The final ranking of cities is below. Honolulu comes out on top, with 92 percent of the time spent in either Comfortable or Warm zones. The top of the rankings are filled out by cities in the West, Southwest and South. Milwaukee (my hometown), Minneapolis and Anchorage rank the lowest.

The temperature bands for Honolulu, the highest ranking location.

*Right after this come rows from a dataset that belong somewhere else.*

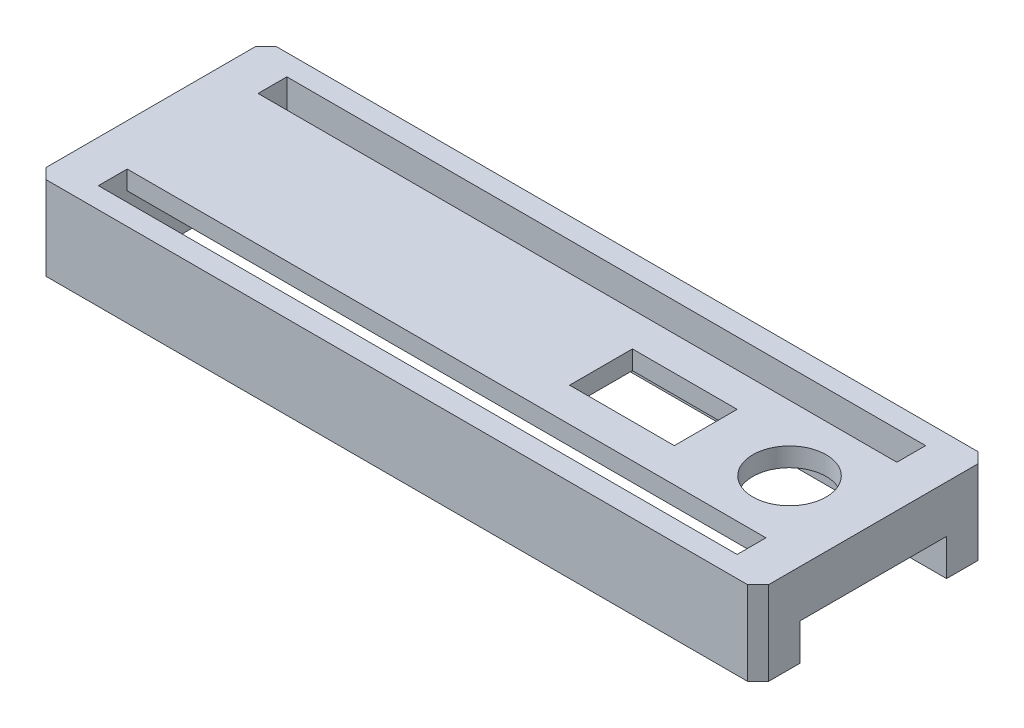
from build123d import *

# Parameters (mm, degrees)
SKETCH1_W                       = 70
SKETCH1_H                       = 12
BOSS_EXTRUDE1_DEPTH             = 1.8
SKETCH2_W                       = 4
SKETCH2_H                       = 18
BOSS_EXTRUDE2_DEPTH             = 8
BOSS_EXTRUDE3_REACH             = 40.58
SKETCH3_W                       = 5
SKETCH3_H                       = 18
BOSS_EXTRUDE3_DIRECTION_2_REACH = 40.58
SKETCH4_W                       = 5
SKETCH4_H                       = 14
CUT_EXTRUDE1_DEPTH              = 3.5
SKETCH5_W                       = 61
SKETCH5_H                       = 12.5
BOSS_EXTRUDE4_DEPTH             = 1.8
SKETCH7_W                       = 70
SKETCH7_H                       = 2
BOSS_EXTRUDE5_DEPTH             = 8
SKETCH10_R                      = 3.5
CUT_EXTRUDE2_DEPTH              = 1.8
SKETCH11_W                      = 10
SKETCH11_H                      = 6
CUT_EXTRUDE3_DEPTH              = 1.8
CUT_EXTRUDE4_START              = -8
SKETCH12_W                      = 1
SKETCH12_H                      = 22
CUT_EXTRUDE4_DEPTH              = 8
CHAMFER1_SIZE                   = 1


with BuildPart() as part:
    # Sketch1 → Boss-Extrude1 (new body)
    with BuildSketch(Plane(origin=(0, 0, 0), x_dir=(1, 0, 0), z_dir=(0, 1, 0))):
        with Locations((0, 6)):
            Rectangle(SKETCH1_W, SKETCH1_H)
    extrude(amount=BOSS_EXTRUDE1_DEPTH)

    # Sketch2 → Boss-Extrude2 (add)
    with BuildSketch(Plane(origin=(0, 1.8, 0), x_dir=(1, 0, 0), z_dir=(0, 1, 0))):
        with Locations((-33, 6)):
            Rectangle(SKETCH2_W, SKETCH2_H)
    extrude(amount=-BOSS_EXTRUDE2_DEPTH)

    # Boss-Extrude3: up to this face of the body (flat: up to its plane)
    boss_extrude3_end = Plane(part.part.faces().sort_by_distance((-33, -6.2, -6))[0])
    # Sketch3 → Boss-Extrude3 (add, up to the picked face)
    with BuildSketch(Plane.XZ, mode=Mode.PRIVATE) as boss_extrude3_sk1:
        with Locations((32.5, -6)):
            Rectangle(SKETCH3_W, SKETCH3_H)
    boss_extrude3_tool1 = split(extrude(boss_extrude3_sk1.sketch, amount=BOSS_EXTRUDE3_REACH, mode=Mode.PRIVATE), bisect_by=boss_extrude3_end, keep=Keep.BOTH, mode=Mode.PRIVATE)
    add(boss_extrude3_tool1.solids().sort_by(Axis((32.5, 0, -6), (0, -1, 0)))[0])

    # Boss-Extrude3 direction 2: up to this face of the body (flat: up to its plane)
    boss_extrude3_direction_2_end = Plane(part.part.faces().sort_by_distance((-0.916666667, 1.8, -6))[0])
    # Sketch3 → Boss-Extrude3 direction 2 (add, up to the picked face)
    with BuildSketch(Plane.XZ, mode=Mode.PRIVATE) as boss_extrude3_direction_2_sk1:
        with Locations((32.5, -6)):
            Rectangle(SKETCH3_W, SKETCH3_H)
    boss_extrude3_direction_2_tool1 = split(extrude(boss_extrude3_direction_2_sk1.sketch, amount=-BOSS_EXTRUDE3_DIRECTION_2_REACH, mode=Mode.PRIVATE), bisect_by=boss_extrude3_direction_2_end, keep=Keep.BOTH, mode=Mode.PRIVATE)
    add(boss_extrude3_direction_2_tool1.solids().sort_by(Axis((32.5, 0, -6), (0, 1, 0)))[0])

    # Sketch4 → Cut-Extrude1 (cut)
    with BuildSketch(Plane.XZ.offset(6.2)):
        with Locations((32.5, -6)):
            Rectangle(SKETCH4_W, SKETCH4_H)
    extrude(amount=-CUT_EXTRUDE1_DEPTH, mode=Mode.SUBTRACT)

    # Sketch5 → Boss-Extrude4 (add)
    with BuildSketch(Plane(origin=(0, 1.8, 0), x_dir=(1, 0, 0), z_dir=(0, 1, 0))):
        with Locations((-0.5, 6)):
            Rectangle(SKETCH5_W, SKETCH5_H)
    extrude(amount=-BOSS_EXTRUDE4_DEPTH)

    # Sketch7 → Boss-Extrude5 (add)
    with BuildSketch(Plane(origin=(0, 1.8, 0), x_dir=(1, 0, 0), z_dir=(0, 1, 0))):
        with Locations((0, 16)):
            Rectangle(SKETCH7_W, SKETCH7_H)
        with Locations((0, -4)):
            Rectangle(SKETCH7_W, SKETCH7_H)
    extrude(amount=-BOSS_EXTRUDE5_DEPTH)

    # Sketch10 → Cut-Extrude2 (cut)
    with BuildSketch(Plane(origin=(0, 1.8, 0), x_dir=(1, 0, 0), z_dir=(0, 1, 0))):
        with Locations(Location((26, 6, 0), (0, 0, 270))):
            Circle(SKETCH10_R)
    extrude(amount=-CUT_EXTRUDE2_DEPTH, mode=Mode.SUBTRACT)

    # Sketch11 → Cut-Extrude3 (cut)
    with BuildSketch(Plane(origin=(0, 1.8, 0), x_dir=(1, 0, 0), z_dir=(0, 1, 0))):
        with Locations((13, 6)):
            Rectangle(SKETCH11_W, SKETCH11_H)
    extrude(amount=-CUT_EXTRUDE3_DEPTH, mode=Mode.SUBTRACT)

    # Sketch12 → Cut-Extrude4 (cut)
    with BuildSketch(Plane(origin=(0, 1.8, 0), x_dir=(1, 0, 0), z_dir=(0, 1, 0)).offset(CUT_EXTRUDE4_START)):
        with Locations((34.5, 6)):
            Rectangle(SKETCH12_W, SKETCH12_H)
    extrude(amount=CUT_EXTRUDE4_DEPTH, mode=Mode.SUBTRACT)

    # Chamfer1
    chamfer1_edges = [part.edges().sort_by_distance(p)[0] for p in [
        (-35, -2.2, -17),
        (-35, -2.2, 5),
        (34, -2.2, 5),
        (34, -2.2, -17),
    ]]
    chamfer(chamfer1_edges, length=CHAMFER1_SIZE)


solid = part.part

Of course, there are factors other than temperature like cloud cover, humidity, and precipitation that can make or break a climate. I’d imagine many of southern cities like Houston, New Orleans, or Jacksonville would fall in the rankings if the temperatures were corrected for humidity. But I might have to delve into the actual data to come up with a more comprehensive ranking, and the whole point of this post was to avoid doing so by counting pixels.

Conclusion

So it is possible to build a passable dataset by counting the pixels of some images! This approach would work for “integrating” other similar plots as long as the axes are uniform between images, and the total area of the plot corresponds with something meaningful. Cool beans.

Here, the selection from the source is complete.